- _Records to process_:
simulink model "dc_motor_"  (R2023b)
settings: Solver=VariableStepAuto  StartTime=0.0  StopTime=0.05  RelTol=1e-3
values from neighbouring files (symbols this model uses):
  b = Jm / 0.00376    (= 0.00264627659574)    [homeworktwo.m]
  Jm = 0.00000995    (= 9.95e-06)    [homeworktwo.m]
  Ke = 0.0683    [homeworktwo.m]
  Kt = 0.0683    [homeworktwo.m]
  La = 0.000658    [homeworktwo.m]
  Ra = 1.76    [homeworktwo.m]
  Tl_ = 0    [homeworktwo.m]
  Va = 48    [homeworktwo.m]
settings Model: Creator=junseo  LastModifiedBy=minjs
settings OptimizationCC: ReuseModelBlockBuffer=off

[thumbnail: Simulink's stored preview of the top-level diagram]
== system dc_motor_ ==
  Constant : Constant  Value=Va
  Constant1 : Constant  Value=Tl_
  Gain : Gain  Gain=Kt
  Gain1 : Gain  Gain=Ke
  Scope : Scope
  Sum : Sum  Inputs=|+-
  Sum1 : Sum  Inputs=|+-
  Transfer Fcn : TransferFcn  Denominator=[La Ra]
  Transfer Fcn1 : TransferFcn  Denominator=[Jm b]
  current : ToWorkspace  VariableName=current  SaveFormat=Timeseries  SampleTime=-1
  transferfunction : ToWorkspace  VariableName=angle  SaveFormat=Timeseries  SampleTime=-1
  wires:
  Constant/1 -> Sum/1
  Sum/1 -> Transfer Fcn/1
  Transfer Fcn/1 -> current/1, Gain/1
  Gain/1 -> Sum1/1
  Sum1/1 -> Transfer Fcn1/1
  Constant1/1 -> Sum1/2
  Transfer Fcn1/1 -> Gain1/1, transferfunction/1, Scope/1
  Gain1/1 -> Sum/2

- _Exercise brief_: The answer must be the lines from the one containing "Constant1/1 -> Sum1/2" through the last line of the records, written out exactly; please include nothing more.

- _Your response_:
  Constant1/1 -> Sum1/2
  Transfer Fcn1/1 -> Gain1/1, transferfunction/1, Scope/1
  Gain1/1 -> Sum/2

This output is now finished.